Assigned task: Look through the records below, and copy out every line that holds the string "steeringAngleInput".

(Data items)

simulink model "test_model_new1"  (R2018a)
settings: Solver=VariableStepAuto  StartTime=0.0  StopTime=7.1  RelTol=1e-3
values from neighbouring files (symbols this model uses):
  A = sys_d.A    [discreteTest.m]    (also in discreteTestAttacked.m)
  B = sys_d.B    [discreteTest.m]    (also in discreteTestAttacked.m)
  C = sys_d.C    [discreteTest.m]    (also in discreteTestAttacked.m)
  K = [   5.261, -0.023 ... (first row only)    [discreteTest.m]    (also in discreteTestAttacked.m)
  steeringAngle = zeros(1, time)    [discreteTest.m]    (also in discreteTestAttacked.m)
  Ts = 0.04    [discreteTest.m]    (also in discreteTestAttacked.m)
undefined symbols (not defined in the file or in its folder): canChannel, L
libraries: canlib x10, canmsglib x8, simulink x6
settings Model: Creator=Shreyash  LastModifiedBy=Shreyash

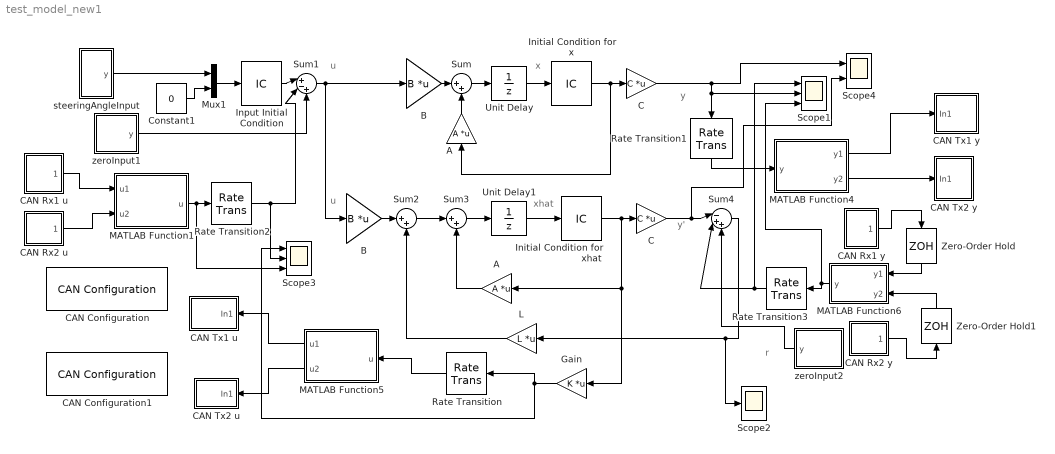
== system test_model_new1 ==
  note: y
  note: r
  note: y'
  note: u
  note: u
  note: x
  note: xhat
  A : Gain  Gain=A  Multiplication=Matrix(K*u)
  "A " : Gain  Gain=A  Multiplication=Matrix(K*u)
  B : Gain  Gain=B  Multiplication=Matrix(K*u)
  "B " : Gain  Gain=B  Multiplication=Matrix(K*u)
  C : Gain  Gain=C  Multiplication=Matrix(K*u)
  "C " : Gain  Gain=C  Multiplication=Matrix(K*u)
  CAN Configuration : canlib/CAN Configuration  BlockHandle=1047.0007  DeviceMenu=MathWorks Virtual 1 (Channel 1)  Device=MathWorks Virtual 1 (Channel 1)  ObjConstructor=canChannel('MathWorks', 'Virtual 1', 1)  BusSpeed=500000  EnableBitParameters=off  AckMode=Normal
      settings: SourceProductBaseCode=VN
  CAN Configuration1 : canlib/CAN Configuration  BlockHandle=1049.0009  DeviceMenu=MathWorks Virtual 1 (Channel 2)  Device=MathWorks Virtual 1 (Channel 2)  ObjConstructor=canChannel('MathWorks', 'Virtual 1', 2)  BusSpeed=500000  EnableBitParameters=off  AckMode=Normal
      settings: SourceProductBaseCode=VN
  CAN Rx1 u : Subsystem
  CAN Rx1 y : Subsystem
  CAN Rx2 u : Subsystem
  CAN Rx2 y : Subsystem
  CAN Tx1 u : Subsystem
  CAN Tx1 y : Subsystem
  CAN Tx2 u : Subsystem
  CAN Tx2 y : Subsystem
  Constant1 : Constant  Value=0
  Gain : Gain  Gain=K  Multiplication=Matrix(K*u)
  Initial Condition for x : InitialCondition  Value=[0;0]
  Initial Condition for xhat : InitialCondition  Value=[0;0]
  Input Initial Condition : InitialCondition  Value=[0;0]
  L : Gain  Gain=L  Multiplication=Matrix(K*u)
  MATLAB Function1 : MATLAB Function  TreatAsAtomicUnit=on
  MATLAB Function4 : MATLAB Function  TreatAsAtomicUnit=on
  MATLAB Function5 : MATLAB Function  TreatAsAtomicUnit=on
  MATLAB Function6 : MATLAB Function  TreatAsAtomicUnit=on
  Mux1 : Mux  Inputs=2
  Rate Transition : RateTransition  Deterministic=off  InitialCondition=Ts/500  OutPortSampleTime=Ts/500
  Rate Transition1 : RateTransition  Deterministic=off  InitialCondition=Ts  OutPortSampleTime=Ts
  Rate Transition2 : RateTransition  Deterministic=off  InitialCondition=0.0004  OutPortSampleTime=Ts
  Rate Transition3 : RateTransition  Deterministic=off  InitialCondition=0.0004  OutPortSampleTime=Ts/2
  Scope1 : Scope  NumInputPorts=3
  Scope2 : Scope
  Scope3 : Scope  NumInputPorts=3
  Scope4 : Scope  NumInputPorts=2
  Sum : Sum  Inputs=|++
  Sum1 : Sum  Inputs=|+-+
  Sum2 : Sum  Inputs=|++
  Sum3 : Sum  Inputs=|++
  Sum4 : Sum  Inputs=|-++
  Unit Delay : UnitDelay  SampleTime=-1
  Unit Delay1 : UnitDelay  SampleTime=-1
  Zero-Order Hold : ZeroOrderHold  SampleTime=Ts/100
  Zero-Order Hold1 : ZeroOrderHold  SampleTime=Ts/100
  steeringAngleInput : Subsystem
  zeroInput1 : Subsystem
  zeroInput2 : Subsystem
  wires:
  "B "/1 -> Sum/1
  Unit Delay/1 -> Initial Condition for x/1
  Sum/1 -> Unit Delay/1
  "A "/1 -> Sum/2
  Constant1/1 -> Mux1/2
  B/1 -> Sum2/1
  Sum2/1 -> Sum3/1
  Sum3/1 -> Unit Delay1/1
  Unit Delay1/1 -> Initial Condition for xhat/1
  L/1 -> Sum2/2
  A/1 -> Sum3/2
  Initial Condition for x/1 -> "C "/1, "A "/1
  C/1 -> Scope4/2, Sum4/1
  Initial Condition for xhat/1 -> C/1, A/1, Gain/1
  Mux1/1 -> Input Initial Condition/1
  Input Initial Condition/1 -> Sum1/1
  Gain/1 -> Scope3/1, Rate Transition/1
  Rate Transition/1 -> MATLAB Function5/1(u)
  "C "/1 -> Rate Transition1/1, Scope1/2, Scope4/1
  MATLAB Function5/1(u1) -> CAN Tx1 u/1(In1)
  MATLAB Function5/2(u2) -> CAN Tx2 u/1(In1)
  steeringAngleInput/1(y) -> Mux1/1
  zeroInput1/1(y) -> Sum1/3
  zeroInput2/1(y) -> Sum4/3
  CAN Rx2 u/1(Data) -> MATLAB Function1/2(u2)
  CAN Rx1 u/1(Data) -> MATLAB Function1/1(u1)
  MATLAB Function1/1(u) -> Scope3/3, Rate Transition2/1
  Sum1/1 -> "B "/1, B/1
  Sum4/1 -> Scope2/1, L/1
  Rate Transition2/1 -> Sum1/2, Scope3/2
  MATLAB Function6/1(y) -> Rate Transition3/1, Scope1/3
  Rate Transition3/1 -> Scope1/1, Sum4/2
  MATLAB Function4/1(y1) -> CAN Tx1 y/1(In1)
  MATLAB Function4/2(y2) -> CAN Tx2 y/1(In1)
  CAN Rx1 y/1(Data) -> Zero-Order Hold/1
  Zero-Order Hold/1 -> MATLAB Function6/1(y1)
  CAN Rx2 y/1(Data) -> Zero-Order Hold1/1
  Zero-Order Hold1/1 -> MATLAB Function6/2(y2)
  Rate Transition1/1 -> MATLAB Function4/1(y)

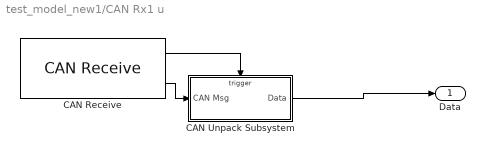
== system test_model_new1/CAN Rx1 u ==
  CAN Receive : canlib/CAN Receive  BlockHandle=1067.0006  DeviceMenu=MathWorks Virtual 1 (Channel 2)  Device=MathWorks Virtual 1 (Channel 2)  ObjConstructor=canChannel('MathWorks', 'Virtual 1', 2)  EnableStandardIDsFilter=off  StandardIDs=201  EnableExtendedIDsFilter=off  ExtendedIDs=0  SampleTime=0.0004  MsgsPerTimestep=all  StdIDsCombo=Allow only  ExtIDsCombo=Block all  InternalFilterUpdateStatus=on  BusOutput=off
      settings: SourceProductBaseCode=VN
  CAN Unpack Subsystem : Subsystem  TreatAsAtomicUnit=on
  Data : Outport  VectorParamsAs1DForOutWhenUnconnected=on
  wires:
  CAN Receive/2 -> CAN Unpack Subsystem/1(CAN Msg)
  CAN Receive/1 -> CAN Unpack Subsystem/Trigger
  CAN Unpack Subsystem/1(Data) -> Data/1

Response for this exercise:
  steeringAngleInput : Subsystem
  steeringAngleInput/1(y) -> Mux1/1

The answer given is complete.